If anything that I have written confuses you, then you are not ready to truly free yourself of your addiction and become a true otaku who is essentially free of whatever he obsesses over.

How dos you tell when that happens? When you can go to a convention, a group therapy session, or even a family reunion to help friends and family get to know you well, that is a start.

Another sign that you are otaku is that you vacillate in your writing between first-person (I and me among similar pronouns), second-person (you and the names of people), and third-person (they, them, and often one or it).

Returning to the quote from an anti-cult website, I can certainly support the use of meditation techniques.

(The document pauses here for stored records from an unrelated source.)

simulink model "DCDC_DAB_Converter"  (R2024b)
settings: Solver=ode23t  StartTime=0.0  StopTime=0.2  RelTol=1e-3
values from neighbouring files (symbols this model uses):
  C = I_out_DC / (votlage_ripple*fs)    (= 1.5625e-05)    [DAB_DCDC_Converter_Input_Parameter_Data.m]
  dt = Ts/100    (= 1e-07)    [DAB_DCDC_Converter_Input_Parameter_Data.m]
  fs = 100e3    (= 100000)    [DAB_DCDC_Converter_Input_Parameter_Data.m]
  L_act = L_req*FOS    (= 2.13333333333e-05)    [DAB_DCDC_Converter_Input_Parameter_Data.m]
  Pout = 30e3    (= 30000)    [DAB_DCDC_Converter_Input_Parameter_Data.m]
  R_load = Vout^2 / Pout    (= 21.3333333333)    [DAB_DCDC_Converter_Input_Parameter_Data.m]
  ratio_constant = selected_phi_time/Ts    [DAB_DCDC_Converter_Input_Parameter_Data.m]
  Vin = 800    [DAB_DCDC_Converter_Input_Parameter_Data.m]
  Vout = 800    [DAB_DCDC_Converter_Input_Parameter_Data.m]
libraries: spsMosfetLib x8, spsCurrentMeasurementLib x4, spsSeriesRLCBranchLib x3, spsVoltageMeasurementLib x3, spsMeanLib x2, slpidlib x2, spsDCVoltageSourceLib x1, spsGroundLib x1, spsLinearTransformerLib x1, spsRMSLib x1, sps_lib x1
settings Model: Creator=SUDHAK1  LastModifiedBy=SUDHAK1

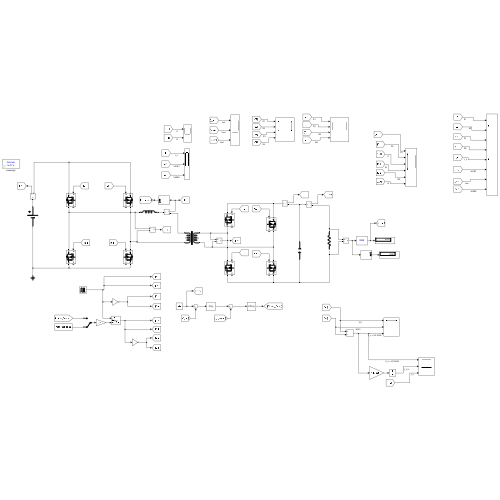
[thumbnail: Simulink's stored preview of the top-level diagram]
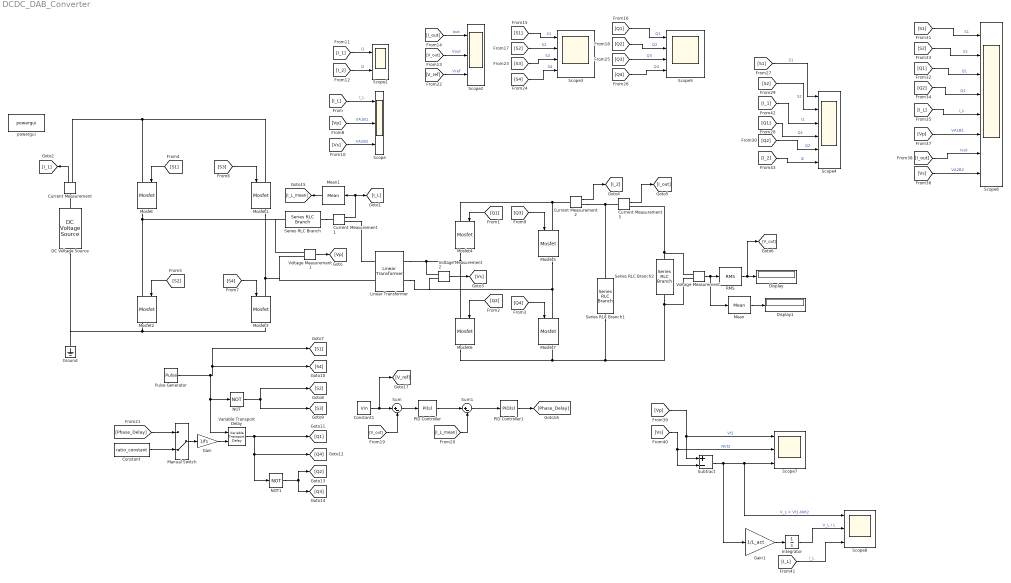
== system DCDC_DAB_Converter ==
  Constant : Constant  Value=ratio_constant
  Constant1 : Constant  Value=Vin
  Current Measurement{,1..3} (4 alike) : spsCurrentMeasurementLib/Current Measurement  PhasorSimulation=off  OutputType=Complex  PSBequivalent=0
  DC Voltage Source : spsDCVoltageSourceLib/DC Voltage Source  Amplitude=Vin  Measurements=None
  Display : Display
  Display1 : Display
  Gain : Gain  Gain=1/fs
  Gain1 : Gain  Gain=1/L_act
  Ground : spsGroundLib/Ground  LConnTagsString=a
  Integrator : Integrator
  Linear Transformer : spsLinearTransformerLib/Linear Transformer  UNITS=SI  NominalPower=[Pout fs]  winding1=[Vin 0 0]  winding2=[Vout 0 0]  ThreeWindings=off  winding3=[3.15e+05 0.7938 0.084225]  RmLm=[9.0038e+09 14330]  Measurements=None  DataType=on
  Manual Switch : ManualSwitch  CurrentSetting=0
  Mean : spsMeanLib/Mean  Freq=fs  Vinit=0  Ts=0
  Mean1 : spsMeanLib/Mean  Freq=60  Vinit=0  Ts=0
  Mosfet{,1..7} (8 alike) : spsMosfetLib/Mosfet  Ron=0.1  Lon=0  Rd=0.01  Vfd=0  IC=0  Rs=1e5  Cs=inf  Measurements=on
  NOT : Logic  Operator=NOT  IconShape=distinctive  AllPortsSameDT=off  OutDataTypeStr=boolean
  NOT1 : Logic  Operator=NOT  IconShape=distinctive  AllPortsSameDT=off  OutDataTypeStr=boolean
  PID Controller : slpidlib/PID Controller  Controller=PI  Form=Parallel  TimeDomain=Continuous-time  UseExternalTs=off  SampleTime=-1  IntegratorMethod=Forward Euler  FilterMethod=Forward Euler  ControllerParametersSource=internal  P=0.01  I=0.8  UseKiTs=off  D=0  UseExternalDerivativeSource=off  N=100  UseFilter=on  TunerSelectOption=Transfer Function Based (PID Tuner App)  InitialConditionSource=internal  InitialConditionForIntegrator=0  InitialConditionForFilter=0  DifferentiatorICPrevScaledInput=0  ExternalReset=none  TrackingMode=off  Kt=1  LimitOutput=off  SatLimitsSource=internal  UpperSaturationLimit=inf  LowerSaturationLimit=-inf  LinearizeAsGain=on  AntiWindupMode=none  Kb=1  LimitIntegrator=off  UpperIntegratorSaturationLimit=inf  LowerIntegratorSaturationLimit=-inf  POutMin=[]  POutMax=[]  IOutMin=[]  IOutMax=[]  DOutMin=[]  DOutMax=[]  NOutMin=[]  NOutMax=[]  SumOutMin=[]  SumOutMax=[]  SaturationOutMin=[]  SaturationOutMax=[]  PParamMin=[]  PParamMax=[]  IParamMin=[]  IParamMax=[]  DParamMin=[]  DParamMax=[]  NParamMin=[]  NParamMax=[]  KbParamMin=[]  KbParamMax=[]  KtParamMin=[]  KtParamMax=[]  KbOutMin=[]  KbOutMax=[]  KtOutMin=[]  KtOutMax=[]  IntegratorOutMin=[]  IntegratorOutMax=[]  FilterOutMin=[]  FilterOutMax=[]  SumI1OutMin=[]  SumI1OutMax=[]  SumI2OutMin=[]  SumI2OutMax=[]  SumI3OutMin=[]  SumI3OutMax=[]  SumI4OutMin=[]  SumI4OutMax=[]  SumDOutMin=[]  SumDOutMax=[]  DifferentiatorOutMin=[]  DifferentiatorOutMax=[]  FilterDiffOutCoefMin=[]  FilterDiffOutCoefMax=[]  ReciprocalOutMin=[]  ReciprocalOutMax=[]  SumDenOutMin=[]  SumDenOutMax=[]  SumNumOutMin=[]  SumNumOutMax=[]  DivideOutMin=[]  DivideOutMax=[]  UdiffTsProdOutMin=[]  UdiffTsProdOutMax=[]  NTsProdOutMin=[]  NTsProdOutMax=[]  UintegralTsProdOutMin=[]  UintegralTsProdOutMax=[]  UngainTsProdOutMin=[]  UngainTsProdOutMax=[]  ClampingZeroOutDataTypeStr=Inherit: Inherit via back propagation  ClampingZeroOutMin=[]  ClampingZeroOutMax=[]  FilterDenConstantOutDataTypeStr=Inherit: Inherit via back propagation  FilterDenConstantOutMin=[]  FilterDenConstantOutMax=[]  PCopyOutDataTypeStr=Inherit: Inherit via back propagation  PCopyOutMin=[]  PCopyOutMax=[]  NCopyOutDataTypeStr=Inherit: Inherit via back propagation  NCopyOutMin=[]  NCopyOutMax=[]  IntegratorContinuousStateAttributes=''  IntegratorStateMustResolveToSignalObject=off  IntegratorRTWStateStorageClass=Auto  FilterContinuousStateAttributes=''  FilterStateMustResolveToSignalObject=off  FilterRTWStateStorageClass=Auto  ParallelPVariant=InternalParameters  IdealPVariant=Disabled  IVariant=InternalParameters  DVariant=Disabled  IntegratorVariant=Continuous  SatVariant=Disabled  AWVariant=Passthrough  PCopyVariant=Disabled  TRVariant=Disabled  FdbkBlocksVariant=Forward  IdealPFdbkVariant=Disabled  SatFdbkVariant=Disabled  DerivativeFilterVariant=Disabled  NVariant=Disabled  NCopyVariant=Disabled_SignalSpec  FilterICVariant=Disabled  IntegratorICVariant=InternalICs  ExternalResetVariant=Disabled  TRSumVariant=Passthrough  SumFdbkVariant=Disabled  SumVariant=Sum_PI  TsampFilterVariant=InternalTs  TsampNgainVariant=Passthrough  TsampIntegralVariant=Disabled_SignalSpec  ExternalSaturationOutDataTypeStr=Inherit: Same as second input  DerivativeSourceVariant=Disabled  PreIntVariant=InternalPreInt
  PID Controller1 : slpidlib/PID Controller  Controller=PID  Form=Parallel  TimeDomain=Continuous-time  UseExternalTs=off  SampleTime=-1  IntegratorMethod=Forward Euler  FilterMethod=Forward Euler  ControllerParametersSource=internal  P=0.009  I=1  UseKiTs=off  D=0  UseExternalDerivativeSource=off  N=100  UseFilter=on  TunerSelectOption=Transfer Function Based (PID Tuner App)  InitialConditionSource=internal  InitialConditionForIntegrator=0  InitialConditionForFilter=0  DifferentiatorICPrevScaledInput=0  ExternalReset=none  TrackingMode=off  Kt=1  LimitOutput=off  SatLimitsSource=internal  UpperSaturationLimit=inf  LowerSaturationLimit=-inf  LinearizeAsGain=on  AntiWindupMode=none  Kb=1  LimitIntegrator=off  UpperIntegratorSaturationLimit=inf  LowerIntegratorSaturationLimit=-inf  POutMin=[]  POutMax=[]  IOutMin=[]  IOutMax=[]  DOutMin=[]  DOutMax=[]  NOutMin=[]  NOutMax=[]  SumOutMin=[]  SumOutMax=[]  SaturationOutMin=[]  SaturationOutMax=[]  PParamMin=[]  PParamMax=[]  IParamMin=[]  IParamMax=[]  DParamMin=[]  DParamMax=[]  NParamMin=[]  NParamMax=[]  KbParamMin=[]  KbParamMax=[]  KtParamMin=[]  KtParamMax=[]  KbOutMin=[]  KbOutMax=[]  KtOutMin=[]  KtOutMax=[]  IntegratorOutMin=[]  IntegratorOutMax=[]  FilterOutMin=[]  FilterOutMax=[]  SumI1OutMin=[]  SumI1OutMax=[]  SumI2OutMin=[]  SumI2OutMax=[]  SumI3OutMin=[]  SumI3OutMax=[]  SumI4OutMin=[]  SumI4OutMax=[]  SumDOutMin=[]  SumDOutMax=[]  DifferentiatorOutMin=[]  DifferentiatorOutMax=[]  FilterDiffOutCoefMin=[]  FilterDiffOutCoefMax=[]  ReciprocalOutMin=[]  ReciprocalOutMax=[]  SumDenOutMin=[]  SumDenOutMax=[]  SumNumOutMin=[]  SumNumOutMax=[]  DivideOutMin=[]  DivideOutMax=[]  UdiffTsProdOutMin=[]  UdiffTsProdOutMax=[]  NTsProdOutMin=[]  NTsProdOutMax=[]  UintegralTsProdOutMin=[]  UintegralTsProdOutMax=[]  UngainTsProdOutMin=[]  UngainTsProdOutMax=[]  ClampingZeroOutDataTypeStr=Inherit: Inherit via back propagation  ClampingZeroOutMin=[]  ClampingZeroOutMax=[]  FilterDenConstantOutDataTypeStr=Inherit: Inherit via back propagation  FilterDenConstantOutMin=[]  FilterDenConstantOutMax=[]  PCopyOutDataTypeStr=Inherit: Inherit via back propagation  PCopyOutMin=[]  PCopyOutMax=[]  NCopyOutDataTypeStr=Inherit: Inherit via back propagation  NCopyOutMin=[]  NCopyOutMax=[]  IntegratorContinuousStateAttributes=''  IntegratorStateMustResolveToSignalObject=off  IntegratorRTWStateStorageClass=Auto  FilterContinuousStateAttributes=''  FilterStateMustResolveToSignalObject=off  FilterRTWStateStorageClass=Auto  ParallelPVariant=InternalParameters  IdealPVariant=Disabled  IVariant=InternalParameters  DVariant=InternalParameters  IntegratorVariant=Continuous  SatVariant=Disabled  AWVariant=Passthrough  PCopyVariant=Disabled  TRVariant=Disabled  FdbkBlocksVariant=Forward  IdealPFdbkVariant=Disabled  SatFdbkVariant=Disabled  DerivativeFilterVariant=ContFilter  NVariant=InternalParameters  NCopyVariant=Disabled  FilterICVariant=InternalICsFilter  IntegratorICVariant=InternalICs  ExternalResetVariant=Disabled  TRSumVariant=Passthrough  SumFdbkVariant=Disabled  SumVariant=Sum_PID  TsampFilterVariant=InternalTs  TsampNgainVariant=Passthrough  TsampIntegralVariant=Disabled_SignalSpec  ExternalSaturationOutDataTypeStr=Inherit: Same as second input  DerivativeSourceVariant=ErrorSignal  PreIntVariant=InternalPreInt
  Pulse Generator : DiscretePulseGenerator  PulseType=Time based  Period=1/fs  PulseWidth=50
  RMS : spsRMSLib/RMS  TrueRMS=on  Freq=60  RMSInit=120  Ts=0
  Scope{,2,7..8} (4 alike) : Scope  NumInputPorts=3
  Scope1 : Scope  NumInputPorts=2
  Scope3 : Scope  NumInputPorts=4
  Scope4 : Scope  NumInputPorts=6
  Scope5 : Scope  NumInputPorts=4
  Scope6 : Scope  NumInputPorts=8
  Series RLC Branch : spsSeriesRLCBranchLib/Series RLC Branch  LConnTagsString=__new0  RConnTagsString=__new0  BranchType=L  Resistance=1  Inductance=L_act  SetiL0=off  InitialCurrent=0  Capacitance=1e-6  Setx0=off  InitialVoltage=0  Measurements=None
  Series RLC Branch1 : spsSeriesRLCBranchLib/Series RLC Branch  LConnTagsString=__new0  RConnTagsString=__new0  BranchType=C  Resistance=1  Inductance=7.8e-7  SetiL0=off  InitialCurrent=0  Capacitance=C*2  Setx0=off  InitialVoltage=0  Measurements=None
  Series RLC Branch2 : spsSeriesRLCBranchLib/Series RLC Branch  LConnTagsString=__new0  RConnTagsString=__new0  BranchType=R  Resistance=R_load  Inductance=1e-3  SetiL0=off  InitialCurrent=0  Capacitance=1e-6  Setx0=off  InitialVoltage=0  Measurements=None
  Subtract : Sum  Inputs=+-
  Sum : Sum  Inputs=|+-
  Sum1 : Sum  Inputs=|+-
  Variable Transport Delay : VariableTransportDelay  VariableDelayType=Variable transport delay  MaximumDelay=10
  Voltage Measurement : spsVoltageMeasurementLib/Voltage Measurement  PhasorSimulation=off  OutputType=Complex  PSBequivalent=0
  Voltage Measurement1 : spsVoltageMeasurementLib/Voltage Measurement  PhasorSimulation=off  OutputType=Complex  PSBequivalent=0
  Voltage Measurement2 : spsVoltageMeasurementLib/Voltage Measurement  PhasorSimulation=off  OutputType=Complex  PSBequivalent=0
  powergui : sps_lib/powergui  Priority=1  SimulationMode=Discrete  SampleTime=dt  frequency=60  Iterations=50  frequencyindice=0  Pbase=100e6  ErrMax=1e-4  UnitsV=kV  UnitsW=MW  buscounter=0  FunctionMessages=off  echomessages=off  EnableUseOfTLC=off  CurrentSourceSwitches=off  DisableSnubberDevices=off  DisableRonSwitches=off  DisableVfSwitches=off  DisplayEquations=off  AutomaticDiscreteSolvers=off  SolverType=Tustin/Backward Euler (TBE)  Interpol=off  ExternalGateDelay=off  methode=off  Ts=100  x0status=blocks  SPID=on  SwTol=0  HookPort=off  NonlinearTolerance=1e-4  nMaxIteration=100  ContinueOnMaxIteration=off  RestoreLinks=warning  ResistiveCurrentMeasurement=off  Frange=[0:2:500]  Ylog=off  Xlog=on  ShowGrid=off  save=off  variable=ZData  structure=0  ZoomFFT=off  StartTime=0.0  cycles=1  DisplayStyle=1  fundamental=60  FreqAxis=off  MaxFrequency=1000  frequencyindicesteady=1  RmsSteady=1  display=off
  wires:
  [S2] -> Mosfet2/1
  [S4] -> Mosfet3/1
  Voltage Measurement/1 -> RMS/1, Mean/1
  RMS/1 -> [V_out], Display/1
  [S1] -> Mosfet/1
  [S3] -> Mosfet1/1
  Voltage Measurement1/1 -> [Vp]
  Current Measurement1/1 -> Mean1/1, [I_L]
  Current Measurement/1 -> [I_1]
  Voltage Measurement2/1 -> [Vs]
  [I_L] -> Scope/1  "I_L"
  [Vp] -> Scope/2  "VA1B1"
  [Vs] -> Scope/3  "VA2B2"
  [I_1] -> Scope1/1  "I1"
  Current Measurement2/1 -> [I_2]
  [I_2] -> Scope1/2  "I2"
  [I_out] -> Scope2/1  "Iout"
  [V_out] -> Scope2/2  "Vout"
  Pulse Generator/1 -> Variable Transport Delay/1, NOT/1, [S1], [S4]
  NOT/1 -> [S2], [S3]
  NOT1/1 -> [Q3], [Q2]
  Variable Transport Delay/1 -> [Q1], [Q4], NOT1/1
  Current Measurement3/1 -> [I_out]
  Mean/1 -> Display1/1
  Constant1/1 -> [V_ref], Sum/1
  [V_out] -> Sum/2
  Sum/1 -> PID Controller/1
  PID Controller/1 -> Sum1/1
  Mean1/1 -> [I_L_mean]
  [I_L_mean] -> Sum1/2
  Sum1/1 -> PID Controller1/1
  PID Controller1/1 -> [Phase_Delay]
  Constant/1 -> Manual Switch/2
  [Phase_Delay] -> Manual Switch/1
  Manual Switch/1 -> Gain/1
  Gain/1 -> Variable Transport Delay/2
  [V_ref] -> Scope2/3  "Vref"
  [Q2] -> Mosfet6/1
  [Q4] -> Mosfet7/1
  [Q1] -> Mosfet4/1
  [Q3] -> Mosfet5/1
  [S1] -> Scope3/1  "S1"
  [S2] -> Scope3/2  "S2"
  [S3] -> Scope3/3  "S3"
  [S4] -> Scope3/4  "S4"
  [Q1] -> Scope5/1  "Q1"
  [Q2] -> Scope5/2  "Q2"
  [Q3] -> Scope5/3  "Q3"
  [Q4] -> Scope5/4  "Q4"
  [Q2] -> Scope4/5  "Q2"
  [S1] -> Scope4/1  "S1"
  [Q1] -> Scope4/4  "Q1"
  [S2] -> Scope4/2  "S2"
  [S1] -> Scope6/1  "S1"
  [Q2] -> Scope6/4  "Q2"
  [S2] -> Scope6/2  "S2"
  [Q1] -> Scope6/3  "Q1"
  [Vs] -> Scope6/8  "VA2B2"
  [I_L] -> Scope6/5  "I_L"
  [Vp] -> Scope6/6  "VA1B1"
  [I_out] -> Scope6/7  "Iout"
  [Vp] -> Scope7/1, Subtract/1  "Vt1"
  [Vs] -> Scope7/2, Subtract/2  "NVt2"
  Subtract/1 -> Gain1/1, Scope8/1, Scope7/3  "V_L = Vt1-NVt2"
  Gain1/1 -> Integrator/1
  Integrator/1 -> Scope8/2  "V_L / L"
  [I_L] -> Scope8/3  "I_L"
  [I_2] -> Scope4/6  "I2"
  [I_1] -> Scope4/3  "I1"
  connections:
  Mosfet/RConn1 -- Voltage Measurement1/LConn1 -- Series RLC Branch/LConn1 -- Mosfet2/LConn1
  Mosfet1/RConn1 -- Voltage Measurement1/LConn2 -- Linear Transformer/LConn2 -- Mosfet3/LConn1
  DC Voltage Source/RConn1 -- Current Measurement/LConn1
  Mosfet2/RConn1 -- Ground/LConn1 -- DC Voltage Source/LConn1 -- Mosfet3/RConn1
  Current Measurement/RConn1 -- Mosfet1/LConn1 -- Mosfet/LConn1
  Series RLC Branch/RConn1 -- Current Measurement1/LConn1
  Current Measurement1/RConn1 -- Linear Transformer/LConn1
  Current Measurement2/RConn1 -- Series RLC Branch1/LConn1 -- Current Measurement3/LConn1
  Voltage Measurement/LConn1 -- Current Measurement3/RConn1 -- Series RLC Branch2/LConn1
  Linear Transformer/RConn1 -- Voltage Measurement2/LConn1 -- Mosfet6/LConn1 -- Mosfet4/RConn1
  Mosfet4/LConn1 -- Current Measurement2/LConn1 -- Mosfet5/LConn1
  Series RLC Branch1/RConn1 -- Voltage Measurement/LConn2 -- Series RLC Branch2/RConn1 -- Mosfet6/RConn1 -- Mosfet7/RConn1
  Mosfet5/RConn1 -- Voltage Measurement2/LConn2 -- Linear Transformer/RConn2 -- Mosfet7/LConn1

However, that quote is not a product endorsement of Chopra since it has been taken out of context for me to promote meditation on my terms, which I am free to do.

I am merely selling the idea that otaku are harmless when they become more socialized with fellow otaku. As well, any obsession that leads to social isolation on the long run really is worth the effort of abstaining.

As for addiction, that is only when your lifestyle is negative affected by your obsessions e.g. you spend more time watching anime than socializing with friends, using excuses to avoid brushing up on your social skills.

Anyway, I am not proud to be otaku, nor am I ashamed to be otaku. Otaku is a neutral word in the West, yet is misused by lazy Japanese journalists who turned it into a badge of shame.

Yet even journalists are closet otakus as pararazzi when they obsess about celebrities such as Morning Musume and stalk them.

Finally, the ultimate freedom is to use less technology in the public sphere, and to occasionally use technology. First, one day dedicated to using your smartphones less and your senses more, including using the mind to ask questions about matters other than technology.